她听罢,脸上竟无太多意外,唇角勾起一抹苦笑。
“果然......我早该想到的......他怎会让我好好活着......”
“王妃,”我握住她微颤的手,声音压得极低,“如今既已查明,便有了转机。”
“从今日起,我会让信得过的人暗中为您煎制对症之药,您按时服用。”
“但明面上,您仍需装作身子毫无起色,甚至还要显得更虚弱些。”
林苏皖抬眸看我,眼中带着不解。
“下药之人目的未达成,定会暗中观察。若您突然好转,必会打草惊蛇,到时候他们肯定会更阴毒的手段。”
“唯有让他们以为计策仍在奏效,我们才能在暗处行事,争取时间。”
我解释道,眼神锐利。
“您要让他,让这府里所有盯着您的人,都以为您命不久矣。”
她明白了我的意思,眼神逐渐变得坚韧,重重的点了点头:“好,我听你的。”
安置好王妃这边,我又想起了姜云芝。
我的好姐姐,你既然按捺不住,我便再送你一份“大礼”。
我唤来春雨,低声吩咐几句,塞给她一包碎银。春雨心领神会,悄然出府。
不过两三日,京城的风向便悄然转变。
先是茶楼酒肆间,渐渐有流言传出,说那姜府大姑娘姜云芝,表面清高,拒绝萧王纳妾,背地里却屡次三番寻机与萧王“偶遇”,甚至私下传递书信,言辞暧昧。

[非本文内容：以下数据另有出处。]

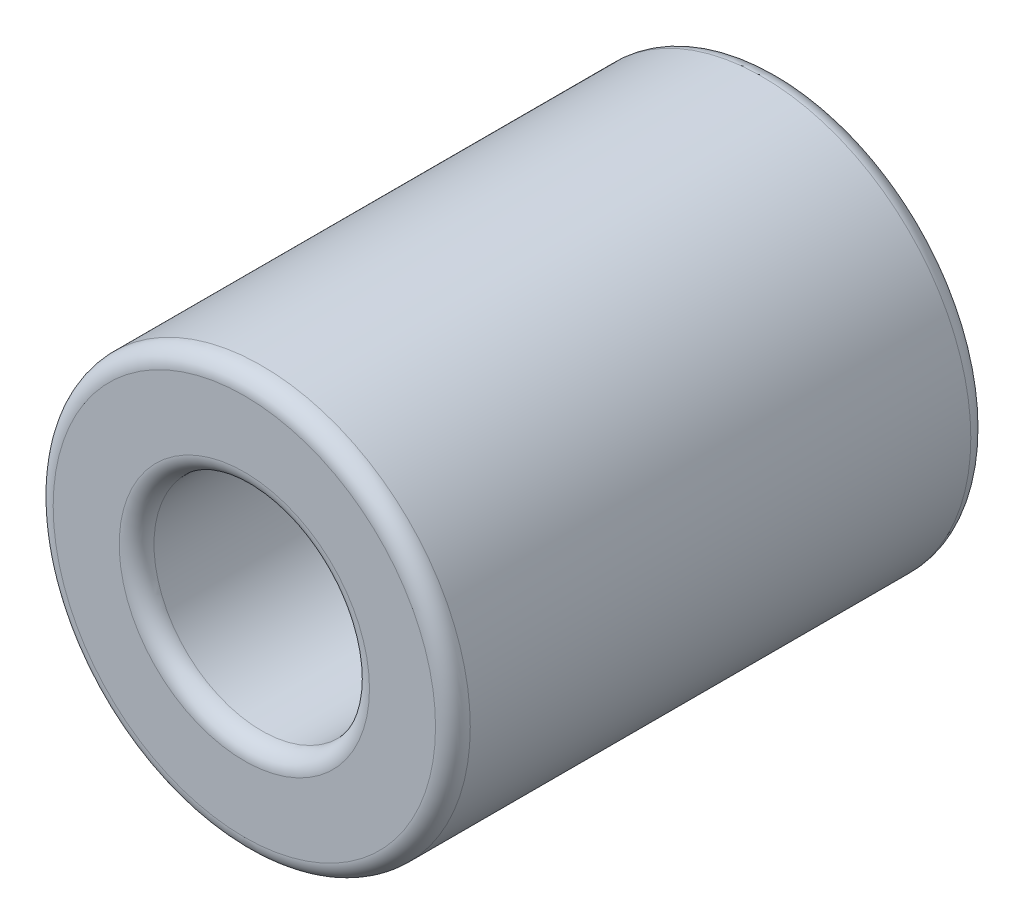
ISO-10303-21;
HEADER;
FILE_DESCRIPTION(('STEP AP214'),'2;1');
FILE_NAME('part.step','',(''),(''),'','','');
FILE_SCHEMA(('AUTOMOTIVE_DESIGN { 1 0 10303 214 1 1 1 1 }'));
ENDSEC;
DATA;
#1=APPLICATION_CONTEXT('core data for automotive mechanical design processes');
#2=APPLICATION_PROTOCOL_DEFINITION('international standard','automotive_design',2000,#1);
#3=PRODUCT_CONTEXT('',#1,'mechanical');
#4=PRODUCT('Part','Part','',(#3));
#5=PRODUCT_RELATED_PRODUCT_CATEGORY('part','',(#4));
#6=PRODUCT_DEFINITION_FORMATION('','',#4);
#7=PRODUCT_DEFINITION_CONTEXT('part definition',#1,'design');
#8=PRODUCT_DEFINITION('design','',#6,#7);
#9=PRODUCT_DEFINITION_SHAPE('','',#8);
#10=(LENGTH_UNIT() NAMED_UNIT(*) SI_UNIT(.MILLI.,.METRE.));
#11=(NAMED_UNIT(*) PLANE_ANGLE_UNIT() SI_UNIT($,.RADIAN.));
#12=(NAMED_UNIT(*) SI_UNIT($,.STERADIAN.) SOLID_ANGLE_UNIT());
#13=UNCERTAINTY_MEASURE_WITH_UNIT(LENGTH_MEASURE(1.E-05),#10,'distance_accuracy_value','');
#14=(GEOMETRIC_REPRESENTATION_CONTEXT(3) GLOBAL_UNCERTAINTY_ASSIGNED_CONTEXT((#13)) GLOBAL_UNIT_ASSIGNED_CONTEXT((#10,
#11,#12)) REPRESENTATION_CONTEXT('',''));
#15=CARTESIAN_POINT('',(0.,0.,0.));
#16=DIRECTION('',(0.,0.,1.));
#17=DIRECTION('',(1.,0.,0.));
#18=AXIS2_PLACEMENT_3D('',#15,#16,#17);
#19=CARTESIAN_POINT('',(0.,0.,7.7));
#20=DIRECTION('',(0.,0.,1.));
#21=DIRECTION('',(1.,0.,0.));
#22=AXIS2_PLACEMENT_3D('',#19,#20,#21);
#23=PLANE('',#22);
#24=CARTESIAN_POINT('',(0.,0.,7.7));
#25=DIRECTION('',(0.,0.,1.));
#26=DIRECTION('',(1.,0.,0.));
#27=AXIS2_PLACEMENT_3D('',#24,#25,#26);
#28=CIRCLE('',#27,1.8);
#29=CARTESIAN_POINT('',(1.8,0.,7.7));
#30=VERTEX_POINT('',#29);
#31=EDGE_CURVE('E42',#30,#30,#28,.F.);
#32=ORIENTED_EDGE('',*,*,#31,.T.);
#33=EDGE_LOOP('',(#32));
#34=FACE_BOUND('',#33,.T.);
#35=CARTESIAN_POINT('',(0.,0.,7.7));
#36=DIRECTION('',(0.,0.,1.));
#37=DIRECTION('',(1.,0.,0.));
#38=AXIS2_PLACEMENT_3D('',#35,#36,#37);
#39=CIRCLE('',#38,2.75);
#40=CARTESIAN_POINT('',(2.75,0.,7.7));
#41=VERTEX_POINT('',#40);
#42=EDGE_CURVE('E46',#41,#41,#39,.T.);
#43=ORIENTED_EDGE('',*,*,#42,.T.);
#44=EDGE_LOOP('',(#43));
#45=FACE_BOUND('',#44,.T.);
#46=ADVANCED_FACE('F31',(#34,#45),#23,.T.);
#47=CARTESIAN_POINT('',(0.,0.,0.));
#48=DIRECTION('',(0.,0.,1.));
#49=DIRECTION('',(1.,0.,0.));
#50=AXIS2_PLACEMENT_3D('',#47,#48,#49);
#51=PLANE('',#50);
#52=CARTESIAN_POINT('',(0.,0.,0.));
#53=DIRECTION('',(0.,0.,1.));
#54=DIRECTION('',(1.,0.,0.));
#55=AXIS2_PLACEMENT_3D('',#52,#53,#54);
#56=CIRCLE('',#55,1.8);
#57=CARTESIAN_POINT('',(1.8,0.,0.));
#58=VERTEX_POINT('',#57);
#59=EDGE_CURVE('E57',#58,#58,#56,.T.);
#60=ORIENTED_EDGE('',*,*,#59,.T.);
#61=EDGE_LOOP('',(#60));
#62=FACE_BOUND('',#61,.T.);
#63=CARTESIAN_POINT('',(0.,0.,0.));
#64=DIRECTION('',(0.,0.,1.));
#65=DIRECTION('',(1.,0.,0.));
#66=AXIS2_PLACEMENT_3D('',#63,#64,#65);
#67=CIRCLE('',#66,2.75);
#68=CARTESIAN_POINT('',(2.75,0.,0.));
#69=VERTEX_POINT('',#68);
#70=EDGE_CURVE('E60',#69,#69,#67,.F.);
#71=ORIENTED_EDGE('',*,*,#70,.T.);
#72=EDGE_LOOP('',(#71));
#73=FACE_BOUND('',#72,.T.);
#74=ADVANCED_FACE('F64',(#62,#73),#51,.F.);
#75=CARTESIAN_POINT('',(0.,0.,7.7));
#76=DIRECTION('',(0.,0.,-1.));
#77=DIRECTION('',(-1.,0.,0.));
#78=AXIS2_PLACEMENT_3D('',#75,#76,#77);
#79=CYLINDRICAL_SURFACE('',#78,3.);
#80=CARTESIAN_POINT('',(0.,0.,0.25));
#81=DIRECTION('',(0.,0.,1.));
#82=DIRECTION('',(1.,0.,0.));
#83=AXIS2_PLACEMENT_3D('',#80,#81,#82);
#84=CIRCLE('',#83,3.);
#85=CARTESIAN_POINT('',(3.,0.,0.25));
#86=VERTEX_POINT('',#85);
#87=EDGE_CURVE('E10',#86,#86,#84,.T.);
#88=ORIENTED_EDGE('',*,*,#87,.T.);
#89=EDGE_LOOP('',(#88));
#90=FACE_BOUND('',#89,.T.);
#91=CARTESIAN_POINT('',(0.,0.,7.45));
#92=DIRECTION('',(0.,0.,1.));
#93=DIRECTION('',(1.,0.,0.));
#94=AXIS2_PLACEMENT_3D('',#91,#92,#93);
#95=CIRCLE('',#94,3.);
#96=CARTESIAN_POINT('',(3.,0.,7.45));
#97=VERTEX_POINT('',#96);
#98=EDGE_CURVE('E38',#97,#97,#95,.F.);
#99=ORIENTED_EDGE('',*,*,#98,.T.);
#100=EDGE_LOOP('',(#99));
#101=FACE_BOUND('',#100,.T.);
#102=ADVANCED_FACE('F84',(#90,#101),#79,.T.);
#103=CARTESIAN_POINT('',(0.,0.,7.7));
#104=DIRECTION('',(0.,0.,-1.));
#105=DIRECTION('',(-1.,0.,0.));
#106=AXIS2_PLACEMENT_3D('',#103,#104,#105);
#107=CYLINDRICAL_SURFACE('',#106,1.55);
#108=CARTESIAN_POINT('',(0.,0.,0.25));
#109=DIRECTION('',(0.,0.,1.));
#110=DIRECTION('',(1.,0.,0.));
#111=AXIS2_PLACEMENT_3D('',#108,#109,#110);
#112=CIRCLE('',#111,1.55);
#113=CARTESIAN_POINT('',(1.55,0.,0.25));
#114=VERTEX_POINT('',#113);
#115=EDGE_CURVE('E51',#114,#114,#112,.F.);
#116=ORIENTED_EDGE('',*,*,#115,.T.);
#117=EDGE_LOOP('',(#116));
#118=FACE_BOUND('',#117,.T.);
#119=CARTESIAN_POINT('',(0.,0.,7.45));
#120=DIRECTION('',(0.,0.,1.));
#121=DIRECTION('',(1.,0.,0.));
#122=AXIS2_PLACEMENT_3D('',#119,#120,#121);
#123=CIRCLE('',#122,1.55);
#124=CARTESIAN_POINT('',(1.55,0.,7.45));
#125=VERTEX_POINT('',#124);
#126=EDGE_CURVE('E54',#125,#125,#123,.T.);
#127=ORIENTED_EDGE('',*,*,#126,.T.);
#128=EDGE_LOOP('',(#127));
#129=FACE_BOUND('',#128,.T.);
#130=ADVANCED_FACE('F89',(#118,#129),#107,.F.);
#131=CARTESIAN_POINT('',(0.,0.,0.25));
#132=DIRECTION('',(0.,0.,1.));
#133=DIRECTION('',(1.,0.,0.));
#134=AXIS2_PLACEMENT_3D('',#131,#132,#133);
#135=TOROIDAL_SURFACE('',#134,1.8,0.25);
#136=ORIENTED_EDGE('',*,*,#115,.F.);
#137=EDGE_LOOP('',(#136));
#138=FACE_BOUND('',#137,.T.);
#139=ORIENTED_EDGE('',*,*,#59,.F.);
#140=EDGE_LOOP('',(#139));
#141=FACE_BOUND('',#140,.T.);
#142=ADVANCED_FACE('F75',(#138,#141),#135,.T.);
#143=CARTESIAN_POINT('',(0.,0.,7.45));
#144=DIRECTION('',(0.,0.,1.));
#145=DIRECTION('',(1.,0.,0.));
#146=AXIS2_PLACEMENT_3D('',#143,#144,#145);
#147=TOROIDAL_SURFACE('',#146,1.8,0.25);
#148=ORIENTED_EDGE('',*,*,#31,.F.);
#149=EDGE_LOOP('',(#148));
#150=FACE_BOUND('',#149,.T.);
#151=ORIENTED_EDGE('',*,*,#126,.F.);
#152=EDGE_LOOP('',(#151));
#153=FACE_BOUND('',#152,.T.);
#154=ADVANCED_FACE('F69',(#150,#153),#147,.T.);
#155=CARTESIAN_POINT('',(0.,0.,0.25));
#156=DIRECTION('',(0.,0.,1.));
#157=DIRECTION('',(1.,0.,0.));
#158=AXIS2_PLACEMENT_3D('',#155,#156,#157);
#159=TOROIDAL_SURFACE('',#158,2.75,0.25);
#160=ORIENTED_EDGE('',*,*,#70,.F.);
#161=EDGE_LOOP('',(#160));
#162=FACE_BOUND('',#161,.T.);
#163=ORIENTED_EDGE('',*,*,#87,.F.);
#164=EDGE_LOOP('',(#163));
#165=FACE_BOUND('',#164,.T.);
#166=ADVANCED_FACE('F66',(#162,#165),#159,.T.);
#167=CARTESIAN_POINT('',(0.,0.,7.45));
#168=DIRECTION('',(0.,0.,1.));
#169=DIRECTION('',(1.,0.,0.));
#170=AXIS2_PLACEMENT_3D('',#167,#168,#169);
#171=TOROIDAL_SURFACE('',#170,2.75,0.25);
#172=ORIENTED_EDGE('',*,*,#98,.F.);
#173=EDGE_LOOP('',(#172));
#174=FACE_BOUND('',#173,.T.);
#175=ORIENTED_EDGE('',*,*,#42,.F.);
#176=EDGE_LOOP('',(#175));
#177=FACE_BOUND('',#176,.T.);
#178=ADVANCED_FACE('F33',(#174,#177),#171,.T.);
#179=CLOSED_SHELL('',(#46,#74,#102,#130,#142,#154,#166,#178));
#180=MANIFOLD_SOLID_BREP('B2',#179);
#181=ADVANCED_BREP_SHAPE_REPRESENTATION('',(#18,#180),#14);
#182=SHAPE_DEFINITION_REPRESENTATION(#9,#181);
ENDSEC;
END-ISO-10303-21;

接着,更有“目击者”信誓旦旦,称曾在某某湖畔,某某寺庙,亲眼见到姜大姑娘与萧王殿下私下相见,姜大姑娘泪眼盈盈,欲语还休,与当日拒婚时的刚烈判若两人。
舆论瞬间发酵。
“啧啧,原来之前是欲擒故纵啊!”
“就是!装得一副不畏强权的样子,结果妹妹刚进门,她就忍不住去勾引妹夫了!”
“我看那萧王也是......求娶不要,原来喜欢这种偷偷摸摸的调调,喜欢看两姐妹争一个男人?”
“可不是嘛!这下有好戏看咯!”
流言如野火燎原,越烧越旺。
姜云芝苦心经营的清高形象轰然倒塌,成了众人眼中的笑柄。
连带着萧迟昀的风评也受了些影响,虽无人敢明面指责,但暗地里议论他行事荒唐的人不在少数。
姜府大门紧闭,下人们出入都低着头,生怕被指指点点。
王府内,自然也听到了风声。
萧迟昀来我房中时,脸色不算太好。
他虽不在意旁人议论,但被卷进这种流言里,于他的颜面终究有损。
我佯装不知,依旧温顺上前,替他解下披风。
他坐在榻上,眉宇间带着一丝烦躁。
“王爷累了吧?妾身帮您按按。”我声音柔婉,走到他身后,指尖轻轻按上他的太阳穴。
他闭上眼,并未拒绝。
我手下力道适中,一边按揉,一边状似无意的轻声道:“今儿个听底下人嚼舌根,说了些不清不楚的话,真是讨厌。”
萧迟昀鼻间哼出一声,算是回应。
我叹了口气,语气带着几分委屈:“其实......妾身都明白的。姐姐她......想必是后悔了。”
“那日王爷风采卓然,姐姐只是一时意气,如今见妾身入了府,心中定然不是滋味。女儿家的心思,总是变的。”
他依旧闭着眼,看不出情绪。
我停下**,眸光如水的望着他:“王爷,若......若您心里还对姐姐有意,不如......不如也将她接进府来吧?”